BigBInf - Access to Big Data in Bioinformatics
A Computer Science Honours project at the University of Cape Town in collaboration with the University of the Western Cape.
- Brendan Ball
- Andrew van Rooyen
- Michelle Kuttel (CS, UCT)
- Antoine Bagula (CS,UWC)
- Alan Christoffels (SANBI,UWC)
- Peter van Heusden (SANBI,UWC)
Collaboration between bioinformatics organizations involves shared access to large datasets. This project investigates two avenues for tackling the collaborative analysis of "big data" in bioinformatics: efficient transport of large datasets across high speed WAN networks and implementation of "community clouds" that host and securely execute code close to the location where data is stored.
"Community clouds" are cloud computing services built on "micro clouds" hosted by collaborating organisations, as opposed to conventional "cloud computing" hosted by cloud vendors (such as Microsoft, Google and Amazon). Hosting "micro clouds" close to scientific data collections would facilitate scientific collaboration through moving code closer to data, rather than vice versa.
Historically, data has been exchanged using tools and protocols like SSH and FTP, but new protocols, such as GridFTP and HPN-SSH, offer more efficient use of high speed networks.

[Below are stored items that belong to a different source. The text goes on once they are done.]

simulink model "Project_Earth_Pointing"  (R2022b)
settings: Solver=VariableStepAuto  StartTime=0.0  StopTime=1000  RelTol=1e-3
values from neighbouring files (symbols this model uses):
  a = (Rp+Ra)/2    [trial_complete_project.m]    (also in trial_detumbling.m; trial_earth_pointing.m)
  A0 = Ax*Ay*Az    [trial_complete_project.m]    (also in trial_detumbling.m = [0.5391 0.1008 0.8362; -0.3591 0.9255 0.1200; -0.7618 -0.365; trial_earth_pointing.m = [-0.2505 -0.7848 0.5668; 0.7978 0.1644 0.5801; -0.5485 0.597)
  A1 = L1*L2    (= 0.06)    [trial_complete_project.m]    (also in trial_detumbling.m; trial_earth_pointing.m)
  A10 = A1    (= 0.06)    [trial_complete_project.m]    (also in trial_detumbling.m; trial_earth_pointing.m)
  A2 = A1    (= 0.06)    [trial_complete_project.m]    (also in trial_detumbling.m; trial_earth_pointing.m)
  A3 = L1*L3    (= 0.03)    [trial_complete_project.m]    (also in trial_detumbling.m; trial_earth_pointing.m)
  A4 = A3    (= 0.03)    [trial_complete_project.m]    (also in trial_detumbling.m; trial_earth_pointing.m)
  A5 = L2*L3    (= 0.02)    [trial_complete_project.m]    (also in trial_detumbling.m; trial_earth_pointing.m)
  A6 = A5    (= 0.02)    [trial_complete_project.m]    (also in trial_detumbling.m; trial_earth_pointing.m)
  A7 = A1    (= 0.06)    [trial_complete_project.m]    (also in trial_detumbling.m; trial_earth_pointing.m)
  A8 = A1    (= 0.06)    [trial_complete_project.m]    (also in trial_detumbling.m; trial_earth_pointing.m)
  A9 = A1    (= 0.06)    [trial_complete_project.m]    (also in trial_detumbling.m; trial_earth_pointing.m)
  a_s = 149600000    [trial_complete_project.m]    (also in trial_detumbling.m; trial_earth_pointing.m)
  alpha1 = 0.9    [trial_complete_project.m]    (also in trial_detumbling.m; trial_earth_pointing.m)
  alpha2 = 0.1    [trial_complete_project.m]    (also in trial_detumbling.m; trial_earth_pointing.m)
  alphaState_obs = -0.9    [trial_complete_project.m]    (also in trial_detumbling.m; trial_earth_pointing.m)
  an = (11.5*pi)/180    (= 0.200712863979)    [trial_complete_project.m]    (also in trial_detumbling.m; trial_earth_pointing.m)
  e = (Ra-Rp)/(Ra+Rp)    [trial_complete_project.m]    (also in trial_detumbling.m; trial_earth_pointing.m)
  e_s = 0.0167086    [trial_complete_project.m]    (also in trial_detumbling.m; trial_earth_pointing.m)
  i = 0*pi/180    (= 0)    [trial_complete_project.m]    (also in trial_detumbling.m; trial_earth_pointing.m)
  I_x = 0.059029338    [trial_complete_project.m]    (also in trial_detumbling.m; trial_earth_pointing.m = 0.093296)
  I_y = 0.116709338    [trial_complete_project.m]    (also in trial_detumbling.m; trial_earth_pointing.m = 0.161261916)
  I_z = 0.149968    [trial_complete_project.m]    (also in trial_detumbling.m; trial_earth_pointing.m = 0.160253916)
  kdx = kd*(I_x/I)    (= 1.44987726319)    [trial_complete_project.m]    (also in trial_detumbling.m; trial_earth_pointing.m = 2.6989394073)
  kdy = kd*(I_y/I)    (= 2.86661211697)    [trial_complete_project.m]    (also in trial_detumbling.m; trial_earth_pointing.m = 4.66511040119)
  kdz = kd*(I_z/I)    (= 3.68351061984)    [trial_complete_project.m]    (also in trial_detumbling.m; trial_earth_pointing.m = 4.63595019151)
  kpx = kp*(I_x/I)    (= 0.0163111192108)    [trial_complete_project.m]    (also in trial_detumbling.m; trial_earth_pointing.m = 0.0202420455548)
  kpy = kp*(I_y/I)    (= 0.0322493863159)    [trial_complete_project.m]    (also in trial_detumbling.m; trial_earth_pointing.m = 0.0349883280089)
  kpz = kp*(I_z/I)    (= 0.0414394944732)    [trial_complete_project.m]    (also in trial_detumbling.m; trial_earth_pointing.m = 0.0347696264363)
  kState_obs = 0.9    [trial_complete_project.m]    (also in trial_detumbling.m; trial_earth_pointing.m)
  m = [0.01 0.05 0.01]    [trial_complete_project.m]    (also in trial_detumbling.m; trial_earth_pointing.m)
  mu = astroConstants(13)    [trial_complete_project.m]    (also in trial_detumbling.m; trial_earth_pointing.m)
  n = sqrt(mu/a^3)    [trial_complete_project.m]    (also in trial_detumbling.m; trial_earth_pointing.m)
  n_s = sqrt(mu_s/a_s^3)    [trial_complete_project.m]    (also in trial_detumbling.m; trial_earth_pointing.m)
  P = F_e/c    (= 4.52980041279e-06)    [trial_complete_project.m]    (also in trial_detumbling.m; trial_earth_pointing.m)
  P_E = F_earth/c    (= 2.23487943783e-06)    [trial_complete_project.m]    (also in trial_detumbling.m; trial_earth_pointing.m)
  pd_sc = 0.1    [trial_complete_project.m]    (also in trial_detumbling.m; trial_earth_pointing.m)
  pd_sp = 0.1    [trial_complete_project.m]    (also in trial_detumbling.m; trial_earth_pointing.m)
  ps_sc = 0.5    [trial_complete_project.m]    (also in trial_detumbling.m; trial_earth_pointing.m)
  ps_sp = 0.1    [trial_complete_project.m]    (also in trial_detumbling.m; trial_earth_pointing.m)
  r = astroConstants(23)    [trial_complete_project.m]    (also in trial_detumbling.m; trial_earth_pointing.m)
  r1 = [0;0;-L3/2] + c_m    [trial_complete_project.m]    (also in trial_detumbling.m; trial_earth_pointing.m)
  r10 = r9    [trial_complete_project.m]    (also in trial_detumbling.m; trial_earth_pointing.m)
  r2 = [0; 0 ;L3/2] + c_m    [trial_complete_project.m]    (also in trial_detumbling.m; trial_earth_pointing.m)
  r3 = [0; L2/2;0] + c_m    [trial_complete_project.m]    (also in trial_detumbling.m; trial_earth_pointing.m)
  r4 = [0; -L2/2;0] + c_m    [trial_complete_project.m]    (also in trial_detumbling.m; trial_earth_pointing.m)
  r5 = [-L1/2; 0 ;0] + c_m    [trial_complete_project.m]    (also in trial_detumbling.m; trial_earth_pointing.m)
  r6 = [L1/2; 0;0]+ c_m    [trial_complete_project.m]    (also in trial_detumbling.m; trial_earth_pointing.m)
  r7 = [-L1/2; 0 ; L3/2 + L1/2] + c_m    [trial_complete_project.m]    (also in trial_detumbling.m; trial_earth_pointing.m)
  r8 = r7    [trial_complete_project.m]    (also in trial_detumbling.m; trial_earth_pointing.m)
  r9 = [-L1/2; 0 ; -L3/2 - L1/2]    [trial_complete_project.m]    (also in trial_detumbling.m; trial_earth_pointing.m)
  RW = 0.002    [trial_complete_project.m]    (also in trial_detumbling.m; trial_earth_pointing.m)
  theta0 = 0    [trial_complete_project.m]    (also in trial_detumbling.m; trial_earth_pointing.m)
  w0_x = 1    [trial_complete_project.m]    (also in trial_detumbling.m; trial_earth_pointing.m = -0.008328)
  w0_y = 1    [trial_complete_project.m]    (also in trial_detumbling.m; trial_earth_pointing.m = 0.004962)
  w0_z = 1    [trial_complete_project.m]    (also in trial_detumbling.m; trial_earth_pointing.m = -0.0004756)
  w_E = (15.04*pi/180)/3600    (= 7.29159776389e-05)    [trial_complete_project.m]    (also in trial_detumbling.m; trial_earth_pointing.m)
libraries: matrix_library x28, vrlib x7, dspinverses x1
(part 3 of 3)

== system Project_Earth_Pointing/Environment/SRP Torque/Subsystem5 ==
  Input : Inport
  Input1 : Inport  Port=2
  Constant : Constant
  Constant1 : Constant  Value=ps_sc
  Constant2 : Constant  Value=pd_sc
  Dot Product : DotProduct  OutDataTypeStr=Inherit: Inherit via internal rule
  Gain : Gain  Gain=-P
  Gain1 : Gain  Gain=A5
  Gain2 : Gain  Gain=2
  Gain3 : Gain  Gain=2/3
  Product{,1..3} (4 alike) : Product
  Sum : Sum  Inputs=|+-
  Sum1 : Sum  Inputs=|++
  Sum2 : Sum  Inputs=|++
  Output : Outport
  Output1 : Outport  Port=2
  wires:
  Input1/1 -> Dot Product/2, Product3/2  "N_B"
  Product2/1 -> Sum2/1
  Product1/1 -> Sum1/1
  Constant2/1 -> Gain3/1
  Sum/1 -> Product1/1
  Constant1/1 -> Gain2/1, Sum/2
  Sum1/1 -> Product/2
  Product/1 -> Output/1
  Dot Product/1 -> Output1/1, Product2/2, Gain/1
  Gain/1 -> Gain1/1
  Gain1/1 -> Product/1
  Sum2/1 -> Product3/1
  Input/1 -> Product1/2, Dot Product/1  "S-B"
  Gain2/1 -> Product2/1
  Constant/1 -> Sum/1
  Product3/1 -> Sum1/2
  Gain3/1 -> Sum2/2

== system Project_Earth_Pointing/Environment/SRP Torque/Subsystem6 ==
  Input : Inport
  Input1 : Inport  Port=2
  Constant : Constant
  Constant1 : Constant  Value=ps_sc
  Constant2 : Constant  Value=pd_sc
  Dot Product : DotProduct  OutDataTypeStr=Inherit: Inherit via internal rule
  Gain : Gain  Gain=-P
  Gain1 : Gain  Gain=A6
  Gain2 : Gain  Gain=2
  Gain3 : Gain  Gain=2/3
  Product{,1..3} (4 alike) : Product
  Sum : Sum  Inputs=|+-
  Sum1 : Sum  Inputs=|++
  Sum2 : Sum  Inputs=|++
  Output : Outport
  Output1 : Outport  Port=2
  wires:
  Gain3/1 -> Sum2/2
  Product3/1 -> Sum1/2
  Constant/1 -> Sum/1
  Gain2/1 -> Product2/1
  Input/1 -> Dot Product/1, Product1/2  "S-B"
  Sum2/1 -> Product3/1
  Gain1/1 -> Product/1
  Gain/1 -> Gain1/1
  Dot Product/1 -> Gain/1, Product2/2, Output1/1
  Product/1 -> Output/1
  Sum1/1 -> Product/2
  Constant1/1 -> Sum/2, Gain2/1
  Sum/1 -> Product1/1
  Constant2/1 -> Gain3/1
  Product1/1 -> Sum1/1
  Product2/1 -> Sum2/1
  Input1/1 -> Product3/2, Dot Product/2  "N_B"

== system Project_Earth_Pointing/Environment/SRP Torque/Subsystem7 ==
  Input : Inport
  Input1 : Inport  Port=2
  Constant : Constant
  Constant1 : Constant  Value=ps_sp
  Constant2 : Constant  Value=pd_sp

The first part of this project will compare and contrast the performance of GridFTP, HPN-SSH, FTP and SSH for transferring multi-gigabyte datasets. The comparison will examine throughput, delays, security and authentication features of these protocols and their implementations.
The second part of this project will survey existing cloud computing infrastructures towards their suitability for creating organisation-level "micro clouds". At least two "micro clouds" will be implemented in order to prototype a "community cloud" where code can be migrated between "micro cloud" installations. The prototype code will be a bioinformatics analysis code.